Written by Tony Hirst

March 21, 2010 at 10:44 am

Posted in Data, Tinkering, Uncourse, Visualisation

Tagged with

Getting Started With The Gephi Network Visualisation App – My Facebook Network, Part I

A couple of weeks ago, I came across Gephi, a desktop application for visualising networks.

And quite by chance, a day or two after I was asked about any tools I knew of that could visualise and help analyse social network activity around an OU course… which I take as a reasonable justification for exploring exactly what Gephi can do :-)

So, after a few false starts, here’s what I’ve learned so far…

First up, we need to get some graph data – netvizz – facebook to gephi suggests that the netvizz facebook app can be used to grab a copy of your Facebook network in a format that Gephi understands, so I installed the app, downloaded my network file, and then uninstalled the app… (can’t be too careful ;-)

Once Gephi is launched (and updated, if it’s a new download – you’ll see an updates prompt in the status bar along the bottom of the Gephi window, right hand side) Open… the network file you downloaded.

NB I think the graph should probably be loaded as an undirected graph… That is, if A connects to B, B connects to A. But I’m committed to the directed version in this case, so we’ll stick with it… (The directed version would make sense for a Twitter network (which has an asymmetric friending model), where A may follow B, but B might choose not to follow A. In Facebook, friending is symmetric – A can only friend B if B friends A.

(Btw, I’ve come across a few gotchas using Gephi so far, including losing the window layout shown above. Playing with the Reset Windows from the Windows menu sometimes helps… There may be an easier way, but I haven’t found it yet…)

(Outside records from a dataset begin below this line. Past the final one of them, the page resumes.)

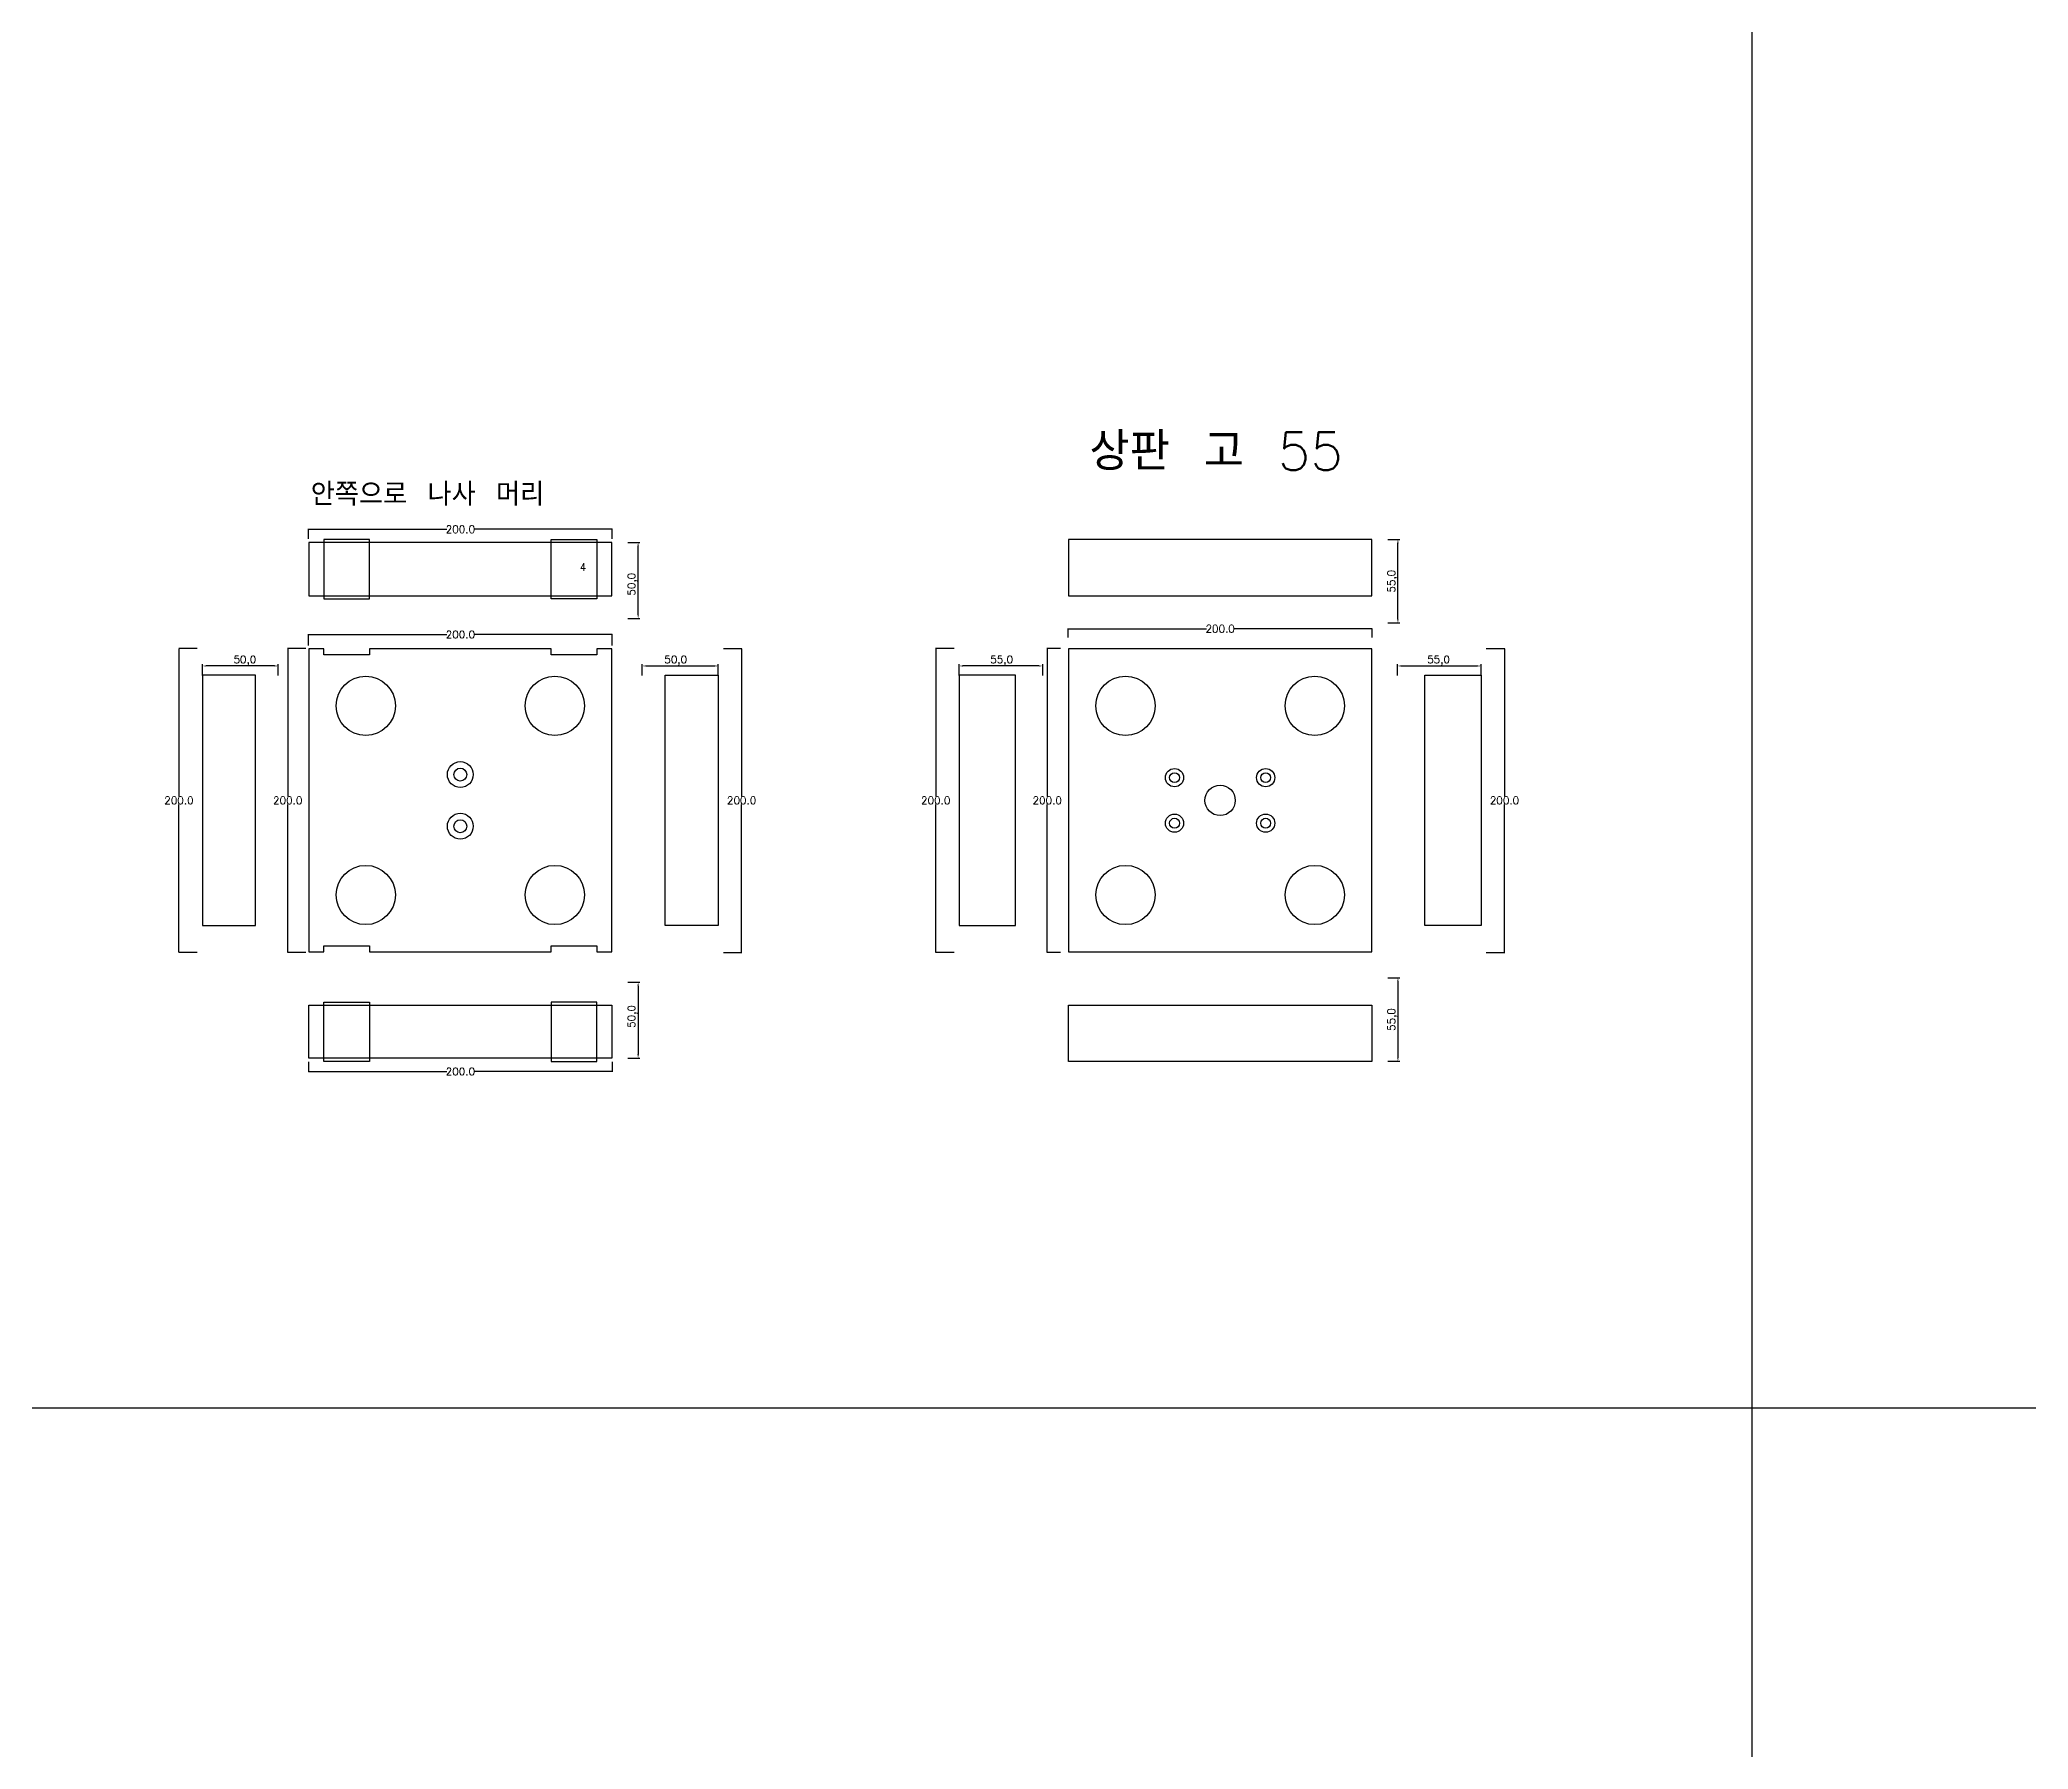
# Model space of a CAD drawing. Header units: millimetres. Extents: x -25 to 19775, y 172 to 9172.
# Drawn here: x 15349 to 16657, y 3547 to 4672 of the extents above; entities that cross this region are included whole.
import ezdxf

# ---------------------------------------------------------------- set-up
doc = ezdxf.new("R2010")
doc.units = ezdxf.units.MM
for name, color, linetype in [('TEXT', 7, 'Continuous'), ('볼트 구멍', 7, 'Continuous'), ('치구', 7, 'Continuous'), ('치수', 7, 'Continuous')]:
    doc.layers.add(name, color=color, linetype=linetype)
doc.styles.get("Standard").update_dxf_attribs({"font": 'txt.shx', "bigfont": 'whgtxt.shx'})
doc.dimstyles.new('ISO-25', dxfattribs={"dimtxt": 2.5, "dimasz": 2.5, "dimexe": 1.25, "dimexo": 0.625, "dimtad": 1, "dimtxsty": 'Standard', "dimcen": 2.5, "dimadec": 0, "dimazin": 0, "dimtfac": 1, "dimtmove": 0, "dimatfit": 3, "dimfxl": 0, "dimarcsym": 0})
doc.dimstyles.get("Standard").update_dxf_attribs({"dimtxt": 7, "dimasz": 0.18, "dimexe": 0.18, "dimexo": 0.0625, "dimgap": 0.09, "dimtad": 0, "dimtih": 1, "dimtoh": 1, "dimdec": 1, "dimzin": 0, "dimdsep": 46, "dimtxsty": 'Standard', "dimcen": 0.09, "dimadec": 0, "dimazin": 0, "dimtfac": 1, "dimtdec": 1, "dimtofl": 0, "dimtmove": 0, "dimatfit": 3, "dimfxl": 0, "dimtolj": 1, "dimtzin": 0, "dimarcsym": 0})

The graph window gives a preview of the network – in this case, the nodes are people and the edges show that one person is following another. (Remember, I should have loaded this as an undirected graph. The directed edges are just an artefact of the way the edge list that states who is connected to whom was generated by netvizz.)

Using the scroll wheel on a mouse (or two finger push on my Mac mousepad), you can zoom in and out of the network in the graph view. You can also move nodes around, view the labels, switch the edges on and off off, and recenter the view.

Not shown – but possible – is deleting nodes from the graph, as well as editing their properties.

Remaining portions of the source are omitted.